Bij het zoeken in de inventaris wordt de hiërarchie gevolgd. De rubrieken in de inventaris maken deel uit van de beschrijving op een lager niveau. Komt de zoekterm in een hoger niveau voor, dan voldoen onderliggende niveaus ook aan de zoekvraag.

beacon
 
 
inleiding
Pieter Heertjes Veendorp (1871-1959) oefende het beroep van landbouwer uit op de Bottemaheerd te Westeremden. Hij was getrouwd met Martha Wiersema en had zes dochters. Op oudere leeftijd gekomen, verhuisde hij naar Loppersum.

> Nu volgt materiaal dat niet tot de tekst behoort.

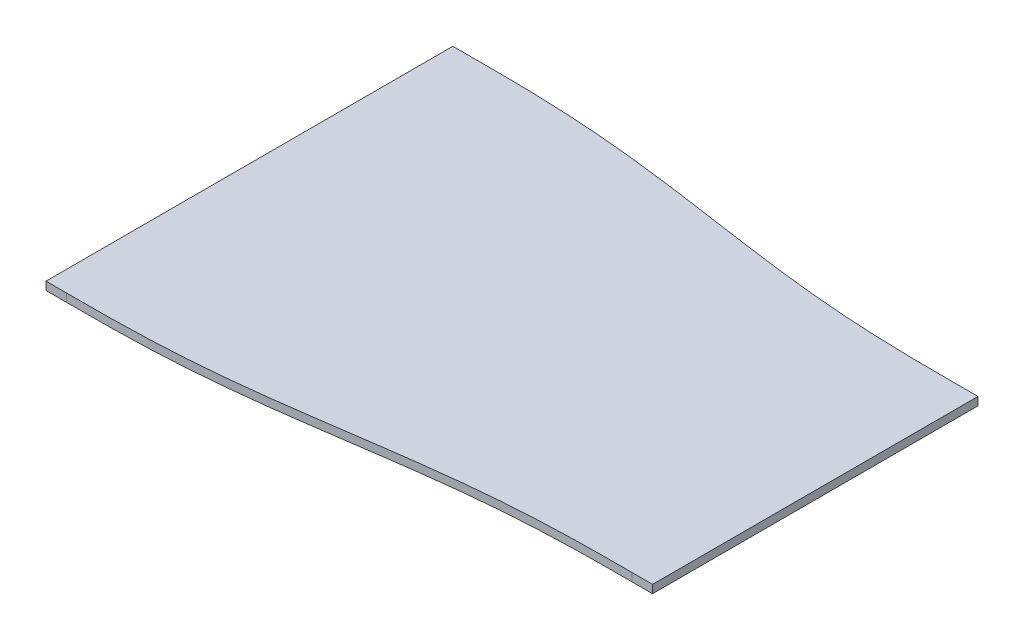
ISO-10303-21;
HEADER;
FILE_DESCRIPTION(('STEP AP214'),'2;1');
FILE_NAME('part.step','',(''),(''),'','','');
FILE_SCHEMA(('AUTOMOTIVE_DESIGN { 1 0 10303 214 1 1 1 1 }'));
ENDSEC;
DATA;
#1=APPLICATION_CONTEXT('core data for automotive mechanical design processes');
#2=APPLICATION_PROTOCOL_DEFINITION('international standard','automotive_design',2000,#1);
#3=PRODUCT_CONTEXT('',#1,'mechanical');
#4=PRODUCT('Part','Part','',(#3));
#5=PRODUCT_RELATED_PRODUCT_CATEGORY('part','',(#4));
#6=PRODUCT_DEFINITION_FORMATION('','',#4);
#7=PRODUCT_DEFINITION_CONTEXT('part definition',#1,'design');
#8=PRODUCT_DEFINITION('design','',#6,#7);
#9=PRODUCT_DEFINITION_SHAPE('','',#8);
#10=(LENGTH_UNIT() NAMED_UNIT(*) SI_UNIT(.MILLI.,.METRE.));
#11=(NAMED_UNIT(*) PLANE_ANGLE_UNIT() SI_UNIT($,.RADIAN.));
#12=(NAMED_UNIT(*) SI_UNIT($,.STERADIAN.) SOLID_ANGLE_UNIT());
#13=UNCERTAINTY_MEASURE_WITH_UNIT(LENGTH_MEASURE(1.E-05),#10,'distance_accuracy_value','');
#14=(GEOMETRIC_REPRESENTATION_CONTEXT(3) GLOBAL_UNCERTAINTY_ASSIGNED_CONTEXT((#13)) GLOBAL_UNIT_ASSIGNED_CONTEXT((#10,
#11,#12)) REPRESENTATION_CONTEXT('',''));
#15=CARTESIAN_POINT('',(0.,0.,0.));
#16=DIRECTION('',(0.,0.,1.));
#17=DIRECTION('',(1.,0.,0.));
#18=AXIS2_PLACEMENT_3D('',#15,#16,#17);
#19=CARTESIAN_POINT('',(670.050000000231,10.,199.999999999994));
#20=DIRECTION('',(-1.,0.,0.));
#21=DIRECTION('',(0.,0.,1.));
#22=AXIS2_PLACEMENT_3D('',#19,#20,#21);
#23=PLANE('',#22);
#24=DIRECTION('',(0.,0.,-1.));
#25=VECTOR('',#24,1.);
#26=CARTESIAN_POINT('',(670.050000000231,0.,199.999999999994));
#27=LINE('',#26,#25);
#28=CARTESIAN_POINT('',(670.050000000231,0.,199.999999999994));
#29=VERTEX_POINT('',#28);
#30=CARTESIAN_POINT('',(670.050000000231,0.,-199.999999999602));
#31=VERTEX_POINT('',#30);
#32=EDGE_CURVE('E192',#29,#31,#27,.T.);
#33=ORIENTED_EDGE('',*,*,#32,.T.);
#34=DIRECTION('',(0.,-1.,0.));
#35=VECTOR('',#34,1.);
#36=CARTESIAN_POINT('',(670.050000000231,10.,-199.999999999602));
#37=LINE('',#36,#35);
#38=CARTESIAN_POINT('',(670.050000000231,10.,-199.999999999602));
#39=VERTEX_POINT('',#38);
#40=EDGE_CURVE('E11',#39,#31,#37,.T.);
#41=ORIENTED_EDGE('',*,*,#40,.F.);
#42=DIRECTION('',(0.,0.,-1.));
#43=VECTOR('',#42,1.);
#44=CARTESIAN_POINT('',(670.050000000231,10.,199.999999999994));
#45=LINE('',#44,#43);
#46=CARTESIAN_POINT('',(670.050000000231,10.,199.999999999994));
#47=VERTEX_POINT('',#46);
#48=EDGE_CURVE('E209',#47,#39,#45,.T.);
#49=ORIENTED_EDGE('',*,*,#48,.F.);
#50=DIRECTION('',(0.,-1.,0.));
#51=VECTOR('',#50,1.);
#52=CARTESIAN_POINT('',(670.050000000231,10.,199.999999999994));
#53=LINE('',#52,#51);
#54=EDGE_CURVE('E125',#47,#29,#53,.T.);
#55=ORIENTED_EDGE('',*,*,#54,.T.);
#56=EDGE_LOOP('',(#33,#41,#49,#55));
#57=FACE_BOUND('',#56,.T.);
#58=ADVANCED_FACE('F33',(#57),#23,.F.);
#59=CARTESIAN_POINT('',(644.650000000231,10.,-199.999999999602));
#60=DIRECTION('',(0.,0.,1.));
#61=DIRECTION('',(1.,0.,0.));
#62=AXIS2_PLACEMENT_3D('',#59,#60,#61);
#63=PLANE('',#62);
#64=DIRECTION('',(-1.,0.,0.));
#65=VECTOR('',#64,1.);
#66=CARTESIAN_POINT('',(644.650000000231,0.,-199.999999999602));
#67=LINE('',#66,#65);
#68=CARTESIAN_POINT('',(644.650000000231,0.,-199.999999999602));
#69=VERTEX_POINT('',#68);
#70=EDGE_CURVE('E189',#31,#69,#67,.T.);
#71=ORIENTED_EDGE('',*,*,#70,.T.);
#72=DIRECTION('',(0.,-1.,0.));
#73=VECTOR('',#72,1.);
#74=CARTESIAN_POINT('',(644.650000000231,10.,-199.999999999602));
#75=LINE('',#74,#73);
#76=CARTESIAN_POINT('',(644.650000000231,10.,-199.999999999602));
#77=VERTEX_POINT('',#76);
#78=EDGE_CURVE('E41',#77,#69,#75,.T.);
#79=ORIENTED_EDGE('',*,*,#78,.F.);
#80=DIRECTION('',(-1.,0.,0.));
#81=VECTOR('',#80,1.);
#82=CARTESIAN_POINT('',(644.650000000231,10.,-199.999999999602));
#83=LINE('',#82,#81);
#84=EDGE_CURVE('E92',#39,#77,#83,.T.);
#85=ORIENTED_EDGE('',*,*,#84,.F.);
#86=ORIENTED_EDGE('',*,*,#40,.T.);
#87=EDGE_LOOP('',(#71,#79,#85,#86));
#88=FACE_BOUND('',#87,.T.);
#89=ADVANCED_FACE('F154',(#88),#63,.F.);
#90=CARTESIAN_POINT('',(644.650000000236,10.,-199.999999999603));
#91=CARTESIAN_POINT('',(642.128887323101,10.,-199.999999999604));
#92=CARTESIAN_POINT('',(638.382457018866,10.,-199.999999984757));
#93=CARTESIAN_POINT('',(629.712769059734,10.,-200.002474738857));
#94=CARTESIAN_POINT('',(624.206757774097,10.,-200.015195132757));
#95=CARTESIAN_POINT('',(616.977186652625,10.,-200.033217285951));
#96=CARTESIAN_POINT('',(611.673694071765,10.,-200.061023788659));
#97=CARTESIAN_POINT('',(605.189888029535,10.,-200.100425069511));
#98=CARTESIAN_POINT('',(599.293422889466,10.,-200.153904026494));
#99=CARTESIAN_POINT('',(592.950274347342,10.,-200.223777791852));
#100=CARTESIAN_POINT('',(585.077126140812,10.,-200.334920276666));
#101=CARTESIAN_POINT('',(575.615150605977,10.,-200.506371684541));
#102=CARTESIAN_POINT('',(564.778145102134,10.,-200.764489072655));
#103=CARTESIAN_POINT('',(549.478620254523,10.,-201.239741284618));
#104=CARTESIAN_POINT('',(531.359153773348,10.,-201.987923337076));
#105=CARTESIAN_POINT('',(510.224122789078,10.,-203.148964487618));
#106=CARTESIAN_POINT('',(489.117075125837,10.,-204.664961439601));
#107=CARTESIAN_POINT('',(471.042219016799,10.,-206.211322516499));
#108=CARTESIAN_POINT('',(452.986247287745,10.,-207.94458891218));
#109=CARTESIAN_POINT('',(433.001107321674,10.,-210.061958697482));
#110=CARTESIAN_POINT('',(410.042516088179,10.,-212.789005998156));
#111=CARTESIAN_POINT('',(384.120515653695,10.,-216.183750570737));
#112=CARTESIAN_POINT('',(358.228844737021,10.,-219.797816742544));
#113=CARTESIAN_POINT('',(334.291027151638,10.,-223.253392129152));
#114=CARTESIAN_POINT('',(310.358989888133,10.,-226.746607493557));
#115=CARTESIAN_POINT('',(286.421101663587,10.,-230.202184450567));
#116=CARTESIAN_POINT('',(260.529589306638,10.,-233.816247037121));
#117=CARTESIAN_POINT('',(234.607319328917,10.,-237.210998028756));
#118=CARTESIAN_POINT('',(208.646910268751,10.,-240.294638585617));
#119=CARTESIAN_POINT('',(182.641737439012,10.,-242.990791615495));
#120=CARTESIAN_POINT('',(158.550277549518,10.,-245.118473578478));
#121=CARTESIAN_POINT('',(134.422777808158,10.,-246.851031881093));
#122=CARTESIAN_POINT('',(110.27707794291,10.,-248.177942168241));
#123=CARTESIAN_POINT('',(88.9383800885653,10.,-249.000224322157));
#124=CARTESIAN_POINT('',(72.0553878654647,10.,-249.438693030905));
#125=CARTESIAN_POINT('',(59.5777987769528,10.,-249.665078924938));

Zorgvuldig bewaarde P.H. Veendorp vele akten, die men name vanuit voorouderlijke geslachten, familie of relaties in zijn bezit waren gekomen. i
De akten - waarvan vele op perkament zijn geschreven en van een zegel voorzien en dus charters genoemd mogen worden - dateren uit eind zeventiende, achttiende en begin negentiende eeuw. De meeste akten hebben betrekking op onroerend goed, gelegen te Westeremden, Loppersum en andere, naburige dorpen. In deze akten wordt vaak gesproken van 'beklemminge" (beklemrecht). i
Het Groninger beklemrecht vindt vermoedelijk zijn oorsprong in de verpachting - men sprak veelal van verhuur - van de talrijke kloosterlanderijen, die de Provincie eertijds kende. Wanneer een klooster land verhuurde, was het gebruikelijk dat de huurder (meier) daarop een woning bouwde, die zijn eigendom bleef. Men sprak nu van beklemd land, in de betekenis van behuisd land ofwel van door beklemde meier gehuurd en van een behuizing voorzien land; daarentegen bedoelde men met vrij land wel onbehuisd land. Wanneer een pachtheer de huur beëindigde, moest de waarde van de woning vergoed worden aan de vertrekkende meier; bij opzegging door de pachter, moest de verpachter de materialen verwerkt in de woning, vergoeden.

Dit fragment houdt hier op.